Stored items
= = =

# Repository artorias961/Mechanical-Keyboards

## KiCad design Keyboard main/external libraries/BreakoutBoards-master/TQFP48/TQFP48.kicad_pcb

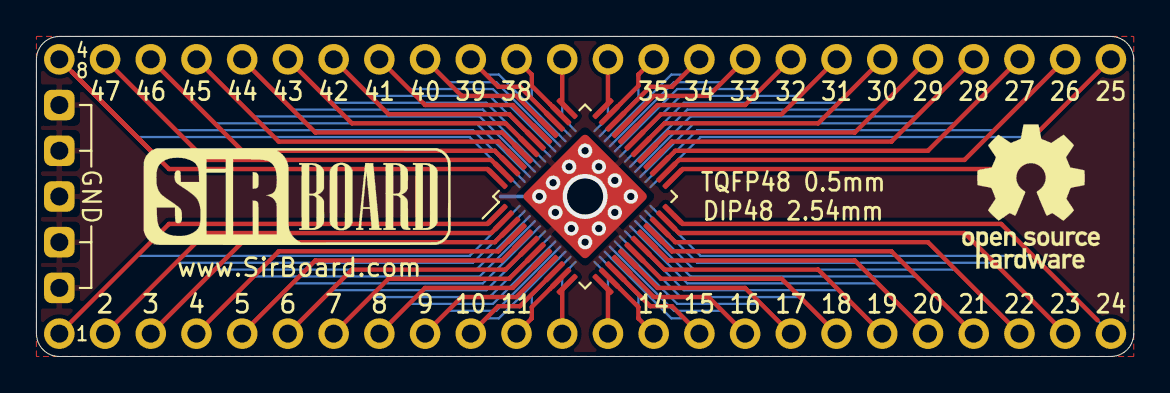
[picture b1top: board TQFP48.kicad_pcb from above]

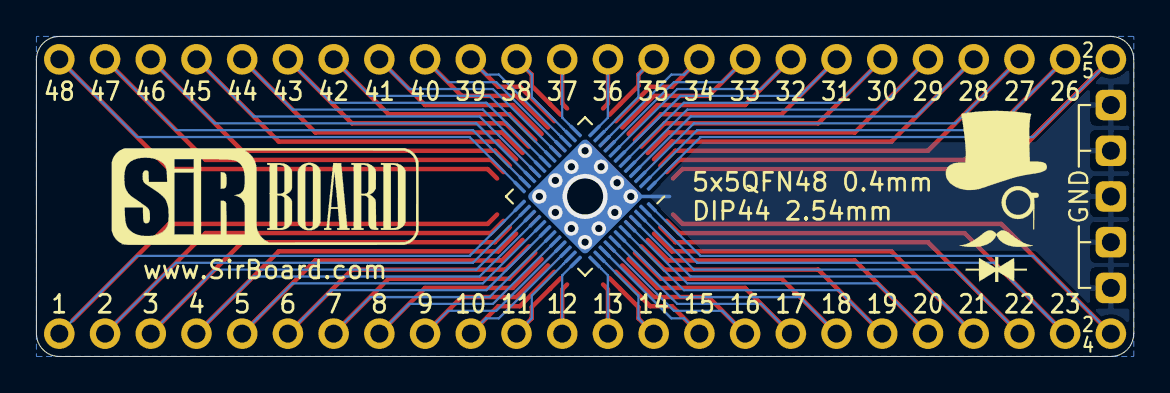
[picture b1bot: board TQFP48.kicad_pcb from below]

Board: 2 copper layers, 61.0 x 17.8 mm, 5 parts (4 on the bottom side), 49 nets.

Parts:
J1, J4: Conn_01x24; PinHeader_1x24_P2.54mm_Vertical
J2: Conn_02x24_Counter_Clockwise; TQFP-48-1EP_7x7mm_P0.5mm_EP5x5mm
J3: Conn_02x24_Counter_Clockwise; UQFN-48-1EP_6x6mm_P0.4mm_EP4.62x4.62mm
J5: Conn_01x05; PinHeader_1x05_P2.54mm_Vertical

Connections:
unnamed: J1.1, J2.1, J3.48
unnamed: J1.2, J2.2, J3.47
unnamed: J1.3, J2.3, J3.46
unnamed: J1.4, J2.4, J3.45
unnamed: J1.5, J2.5, J3.44
unnamed: J1.6, J2.6, J3.43
unnamed: J1.7, J2.7, J3.42
unnamed: J1.8, J2.8, J3.41
unnamed: J1.9, J2.9, J3.40
unnamed: J1.10, J2.10, J3.39
unnamed: J1.11, J2.11, J3.38
unnamed: J1.12, J2.12, J3.37
unnamed: J1.13, J2.13, J3.36
unnamed: J1.14, J2.14, J3.35
unnamed: J1.15, J2.15, J3.34
unnamed: J1.16, J2.16, J3.33
unnamed: J1.17, J2.17, J3.32
unnamed: J1.18, J2.18, J3.31
unnamed: J1.19, J2.19, J3.30
unnamed: J1.20, J2.20, J3.29
unnamed: J1.21, J2.21, J3.28
unnamed: J1.22, J2.22, J3.27
unnamed: J1.23, J2.23, J3.26
unnamed: J1.24, J2.24, J3.25
unnamed: J2.25, J3.24, J4.24
unnamed: J2.26, J3.23, J4.23
unnamed: J2.27, J3.22, J4.22
unnamed: J2.28, J3.21, J4.21
unnamed: J2.29, J3.20, J4.20
unnamed: J2.30, J3.19, J4.19
unnamed: J2.31, J3.18, J4.18
unnamed: J2.32, J3.17, J4.17
unnamed: J2.33, J3.16, J4.16
unnamed: J2.34, J3.15, J4.15
unnamed: J2.35, J3.14, J4.14
unnamed: J2.36, J3.13, J4.13
unnamed: J2.37, J3.12, J4.12
unnamed: J2.38, J3.11, J4.11
unnamed: J2.39, J3.10, J4.10
unnamed: J2.40, J3.9, J4.9
unnamed: J2.41, J3.8, J4.8
unnamed: J2.42, J3.7, J4.7
unnamed: J2.43, J3.6, J4.6
unnamed: J2.44, J3.5, J4.5
unnamed: J2.45, J3.4, J4.4
unnamed: J2.46, J3.3, J4.3
unnamed: J2.47, J3.2, J4.2
unnamed: J2.48, J3.1, J4.1
unnamed: J2.49, J3.49, J5.1, J5.2, J5.3, J5.4, J5.5

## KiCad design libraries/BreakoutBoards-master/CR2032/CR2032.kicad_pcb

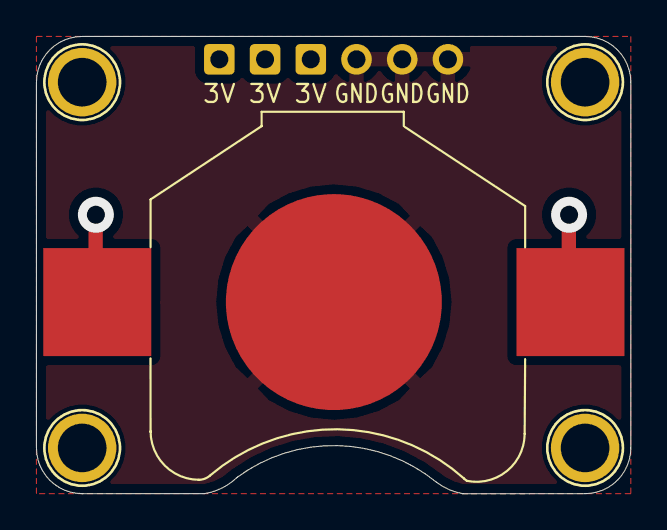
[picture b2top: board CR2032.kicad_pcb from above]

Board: 2 copper layers, 33.0 x 25.4 mm, 6 parts (0 on the bottom side), 2 nets.

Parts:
BT1: Battery_Cell; BatteryHolder_Keystone_3008_1x2450
H1, H2, H3, H4: MountingHole; MountingHole_M2.5_SirBoard
J1: Conn_01x06; PinHeader_1x06_P2.54mm_Vertical

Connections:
+3V0: BT1.1, J1.1, J1.2, J1.3
GND: BT1.2, J1.4, J1.5, J1.6

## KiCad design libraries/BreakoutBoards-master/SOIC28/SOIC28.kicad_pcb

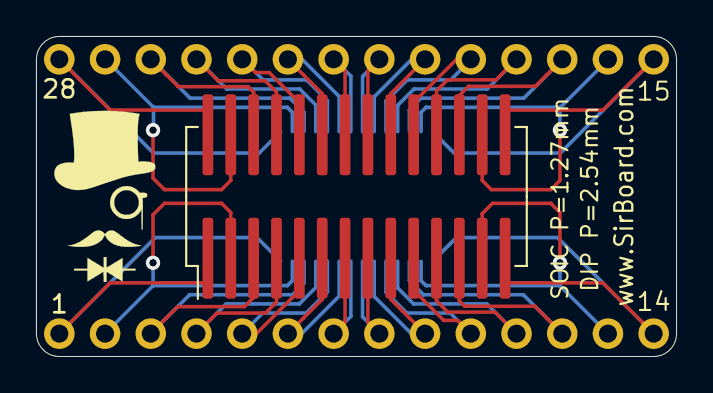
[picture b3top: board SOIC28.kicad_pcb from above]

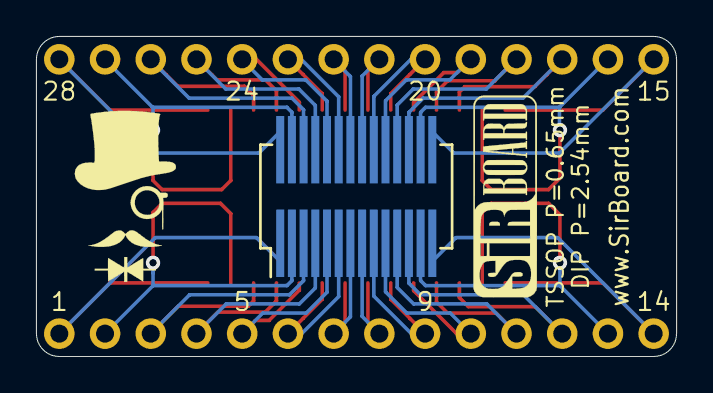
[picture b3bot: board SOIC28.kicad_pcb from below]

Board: 2 copper layers, 35.6 x 17.8 mm, 4 parts (3 on the bottom side), 28 nets.

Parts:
J1, J3: Conn_01x14; PinHeader_1x14_P2.54mm_Vertical
J2: Conn_02x14_Counter_Clockwise; SOIC-28W_7.5x18.7mm_P1.27mm
J4: Conn_02x14_Counter_Clockwise; SSOP-28_5.3x10.2mm_P0.65mm

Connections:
unnamed: J1.1, J2.1, J4.14
unnamed: J1.2, J2.2, J4.13
unnamed: J1.3, J2.3, J4.12
unnamed: J1.4, J2.4, J4.11
unnamed: J1.5, J2.5, J4.10
unnamed: J1.6, J2.6, J4.9
unnamed: J1.7, J2.7, J4.8
unnamed: J1.8, J2.8, J4.7
unnamed: J1.9, J2.9, J4.6
unnamed: J1.10, J2.10, J4.5
unnamed: J1.11, J2.11, J4.4
unnamed: J1.12, J2.12, J4.3
unnamed: J1.13, J2.13, J4.2
unnamed: J1.14, J2.14, J4.1
unnamed: J2.15, J3.14, J4.28
unnamed: J2.16, J3.13, J4.27
unnamed: J2.17, J3.12, J4.26
unnamed: J2.18, J3.11, J4.25
unnamed: J2.19, J3.10, J4.24
unnamed: J2.20, J3.9, J4.23
unnamed: J2.21, J3.8, J4.22
unnamed: J2.22, J3.7, J4.21
unnamed: J2.23, J3.6, J4.20
unnamed: J2.24, J3.5, J4.19
unnamed: J2.25, J3.4, J4.18
unnamed: J2.26, J3.3, J4.17
unnamed: J2.27, J3.2, J4.16
unnamed: J2.8, J3.1, J4.15

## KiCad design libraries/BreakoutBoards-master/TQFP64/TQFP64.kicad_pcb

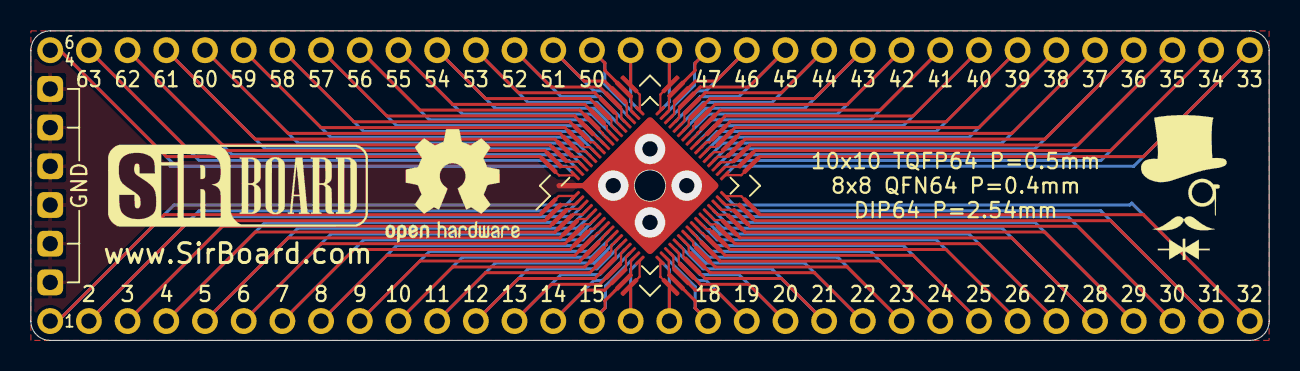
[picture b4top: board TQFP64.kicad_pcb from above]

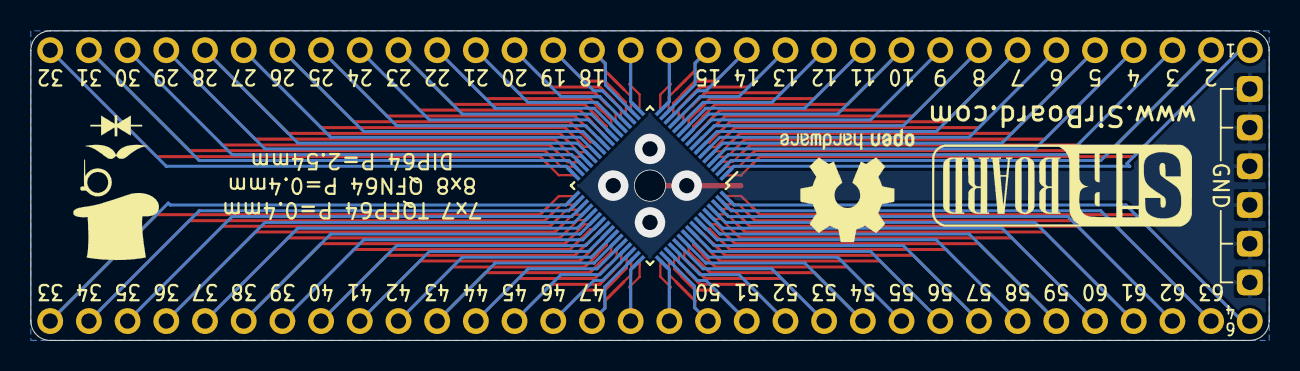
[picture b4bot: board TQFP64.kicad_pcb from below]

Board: 2 copper layers, 81.3 x 20.3 mm, 6 parts (4 on the bottom side), 65 nets.

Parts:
J1, J5: Conn_01x32; PinHeader_1x32_P2.54mm_Vertical
J2: Conn_02x32_Counter_Clockwise; TQFP-64_10x10mm_P0.5mm
J3: Conn_02x32_Counter_Clockwise; QFN-64-1EP_8x8mm_P0.4mm_EP6.5x6.5mm
J4: Conn_02x32_Counter_Clockwise; TQFP-64_7x7mm_P0.4mm
J6: Conn_01x06; PinHeader_1x06_P2.54mm_Vertical

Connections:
unnamed: J1.1, J2.1, J3.1, J4.64
unnamed: J1.2, J2.2, J3.2, J4.63
unnamed: J1.3, J2.3, J3.3, J4.62
unnamed: J1.4, J2.4, J3.4, J4.61
unnamed: J1.5, J2.5, J3.5, J4.60
unnamed: J1.6, J2.6, J3.6, J4.59
unnamed: J1.7, J2.7, J3.7, J4.58
unnamed: J1.8, J2.8, J3.8, J4.57
unnamed: J1.9, J2.9, J3.9, J4.56
unnamed: J1.10, J2.10, J3.10, J4.55
unnamed: J1.11, J2.11, J3.11, J4.54
unnamed: J1.12, J2.12, J3.12, J4.53
unnamed: J1.13, J2.13, J3.13, J4.52
unnamed: J1.14, J2.14, J3.14, J4.51
unnamed: J1.15, J2.15, J3.15, J4.50
unnamed: J1.16, J2.16, J3.16, J4.49
unnamed: J1.17, J2.17, J3.17, J4.48
unnamed: J1.18, J2.18, J3.18, J4.47
unnamed: J1.19, J2.19, J3.19, J4.46
unnamed: J1.20, J2.20, J3.20, J4.45
unnamed: J1.21, J2.21, J3.21, J4.44
unnamed: J1.22, J2.22, J3.22, J4.43
unnamed: J1.23, J2.23, J3.23, J4.42
unnamed: J1.24, J2.24, J3.24, J4.41
unnamed: J1.25, J2.25, J3.25, J4.40
unnamed: J1.26, J2.26, J3.26, J4.39
unnamed: J1.27, J2.27, J3.27, J4.38
unnamed: J1.28, J2.28, J3.28, J4.37
unnamed: J1.29, J2.29, J3.29, J4.36
unnamed: J1.30, J2.30, J3.30, J4.35
unnamed: J1.31, J2.31, J3.31, J4.34
unnamed: J1.32, J2.32, J3.32, J4.33
unnamed: J2.33, J3.33, J4.32, J5.32
unnamed: J2.34, J3.34, J4.31, J5.31
unnamed: J2.35, J3.35, J4.30, J5.30
unnamed: J2.36, J3.36, J4.29, J5.29
unnamed: J2.37, J3.37, J4.28, J5.28
unnamed: J2.38, J3.38, J4.27, J5.27
unnamed: J2.39, J3.39, J4.26, J5.26
unnamed: J2.40, J3.40, J4.25, J5.25
unnamed: J2.41, J3.41, J4.24, J5.24
unnamed: J2.42, J3.42, J4.23, J5.23
unnamed: J2.43, J3.43, J4.22, J5.22
unnamed: J2.44, J3.44, J4.21, J5.21
unnamed: J2.45, J3.45, J4.20, J5.20
unnamed: J2.46, J3.46, J4.19, J5.19
unnamed: J2.47, J3.47, J4.18, J5.18
unnamed: J2.48, J3.48, J4.17, J5.17
unnamed: J2.49, J3.49, J4.16, J5.16
unnamed: J2.50, J3.50, J4.15, J5.15
unnamed: J2.51, J3.51, J4.14, J5.14
unnamed: J2.52, J3.52, J4.13, J5.13
unnamed: J2.53, J3.53, J4.12, J5.12
unnamed: J2.54, J3.54, J4.11, J5.11
unnamed: J2.55, J3.55, J4.10, J5.10
unnamed: J2.56, J3.56, J4.9, J5.9
unnamed: J2.57, J3.57, J4.8, J5.8
unnamed: J2.58, J3.58, J4.7, J5.7
unnamed: J2.59, J3.59, J4.6, J5.6
unnamed: J2.60, J3.60, J4.5, J5.5
unnamed: J2.61, J3.61, J4.4, J5.4
unnamed: J2.62, J3.62, J4.3, J5.3
unnamed: J2.63, J3.63, J4.2, J5.2
unnamed: J2.64, J3.64, J4.1, J5.1
unnamed: J3.65, J6.1, J6.2, J6.3, J6.4, J6.5, J6.6

= = =

Work to be completed
Which lines in the data above hold the word "copper"? Return each of them.

Answer for this exercise
Board: 2 copper layers, 61.0 x 17.8 mm, 5 parts (4 on the bottom side), 49 nets.
Board: 2 copper layers, 33.0 x 25.4 mm, 6 parts (0 on the bottom side), 2 nets.
Board: 2 copper layers, 35.6 x 17.8 mm, 4 parts (3 on the bottom side), 28 nets.
Board: 2 copper layers, 81.3 x 20.3 mm, 6 parts (4 on the bottom side), 65 nets.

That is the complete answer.